THE RECORDS:
------------

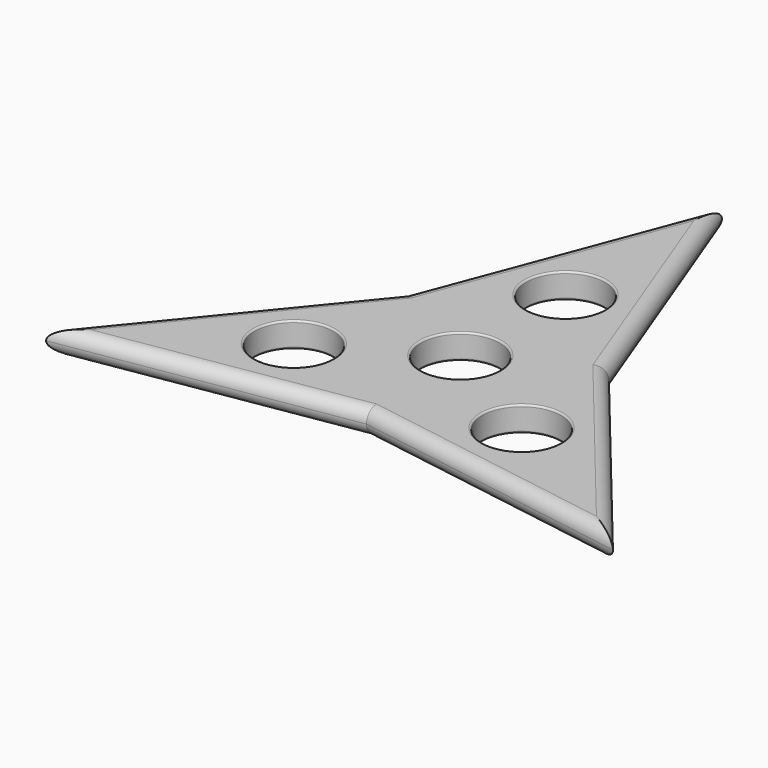
from build123d import *

# Parameters (mm, degrees)
F0_R     = 11
F1_DEPTH = 7
F2_R     = 3.5
F3_R     = 3.49999
F4_R     = 0.5
F5_R     = 0.5


# Not quite as in the source:
# - a fillet or chamfer is up to 0.001 mm smaller than in the source, because OpenCascade refuses the exact size


with BuildPart() as f1:
    # F0 (on Top) → F1 (new body)
    with BuildSketch(Plane.XY):
        Polygon((0.0125008091, -32.7994597757), (79.1922360659, -45.681424439), (28.3989149916, 16.4105559061), (-0.0348439877, 91.423200435), (-28.4114158007, 16.3889038696), (-79.1573920781, -45.7417759961), align=None)
        with Locations((-31.8169734902, -18.3695382094)):
            Circle(F0_R, mode=Mode.SUBTRACT)
        Circle(F0_R, mode=Mode.SUBTRACT)
        with Locations((31.8169734902, -18.3695382094)):
            Circle(F0_R, mode=Mode.SUBTRACT)
        with Locations((0, 36.7390764187)):
            Circle(F0_R, mode=Mode.SUBTRACT)
    extrude(amount=F1_DEPTH)

    # F2
    f2_edges = [f1.edges().sort_by_distance(p)[0] for p in [
        (-53.784404, -14.676436, 7),
        (-39.572446, -39.270618, 7),
        (-14.22313, 53.906052, 7),
        (14.182036, 53.916878, 7),
        (53.795576, -14.635434, 7),
        (39.602368, -39.240442, 7),
    ]]
    fillet(f2_edges, radius=F2_R)

    # F3 (radius 3.5 in the source; OpenCascade refuses exactly that, so slightly less here)
    f3_edges = [f1.edges().sort_by_distance(p)[0] for p in [
        (-14.22313, 53.906052, 0),
        (-53.784404, -14.676436, 0),
        (-39.572446, -39.270618, 0),
        (39.602368, -39.240442, 0),
        (53.795576, -14.635434, 0),
        (14.182036, 53.916878, 0),
    ]]
    fillet(f3_edges, radius=F3_R)

    # F4
    f4_edges = [f1.edges().sort_by_distance(p)[0] for p in [
        (20.816973, -18.369538, 7),
        (-11, 0, 7),
        (-42.816973, -18.369538, 7),
        (-11, 36.739076, 7),
    ]]
    fillet(f4_edges, radius=F4_R)

    # F5
    f5_edges = [f1.edges().sort_by_distance(p)[0] for p in [
        (20.816973, -18.369538, 0),
        (-11, 0, 0),
        (-11, 36.739076, 0),
        (-42.816973, -18.369538, 0),
    ]]
    fillet(f5_edges, radius=F5_R)


solid = f1.part

------------

BRIEF: The whole listing should be transcribed exactly, though its pictures must be left out.

SOLVED PROBLEM:
from build123d import *

# Parameters (mm, degrees)
F0_R     = 11
F1_DEPTH = 7
F2_R     = 3.5
F3_R     = 3.49999
F4_R     = 0.5
F5_R     = 0.5


# Not quite as in the source:
# - a fillet or chamfer is up to 0.001 mm smaller than in the source, because OpenCascade refuses the exact size


with BuildPart() as f1:
    # F0 (on Top) → F1 (new body)
    with BuildSketch(Plane.XY):
        Polygon((0.0125008091, -32.7994597757), (79.1922360659, -45.681424439), (28.3989149916, 16.4105559061), (-0.0348439877, 91.423200435), (-28.4114158007, 16.3889038696), (-79.1573920781, -45.7417759961), align=None)
        with Locations((-31.8169734902, -18.3695382094)):
            Circle(F0_R, mode=Mode.SUBTRACT)
        Circle(F0_R, mode=Mode.SUBTRACT)
        with Locations((31.8169734902, -18.3695382094)):
            Circle(F0_R, mode=Mode.SUBTRACT)
        with Locations((0, 36.7390764187)):
            Circle(F0_R, mode=Mode.SUBTRACT)
    extrude(amount=F1_DEPTH)

    # F2
    f2_edges = [f1.edges().sort_by_distance(p)[0] for p in [
        (-53.784404, -14.676436, 7),
        (-39.572446, -39.270618, 7),
        (-14.22313, 53.906052, 7),
        (14.182036, 53.916878, 7),
        (53.795576, -14.635434, 7),
        (39.602368, -39.240442, 7),
    ]]
    fillet(f2_edges, radius=F2_R)

    # F3 (radius 3.5 in the source; OpenCascade refuses exactly that, so slightly less here)
    f3_edges = [f1.edges().sort_by_distance(p)[0] for p in [
        (-14.22313, 53.906052, 0),
        (-53.784404, -14.676436, 0),
        (-39.572446, -39.270618, 0),
        (39.602368, -39.240442, 0),
        (53.795576, -14.635434, 0),
        (14.182036, 53.916878, 0),
    ]]
    fillet(f3_edges, radius=F3_R)

    # F4
    f4_edges = [f1.edges().sort_by_distance(p)[0] for p in [
        (20.816973, -18.369538, 7),
        (-11, 0, 7),
        (-42.816973, -18.369538, 7),
        (-11, 36.739076, 7),
    ]]
    fillet(f4_edges, radius=F4_R)

    # F5
    f5_edges = [f1.edges().sort_by_distance(p)[0] for p in [
        (20.816973, -18.369538, 0),
        (-11, 0, 0),
        (-11, 36.739076, 0),
        (-42.816973, -18.369538, 0),
    ]]
    fillet(f5_edges, radius=F5_R)


solid = f1.part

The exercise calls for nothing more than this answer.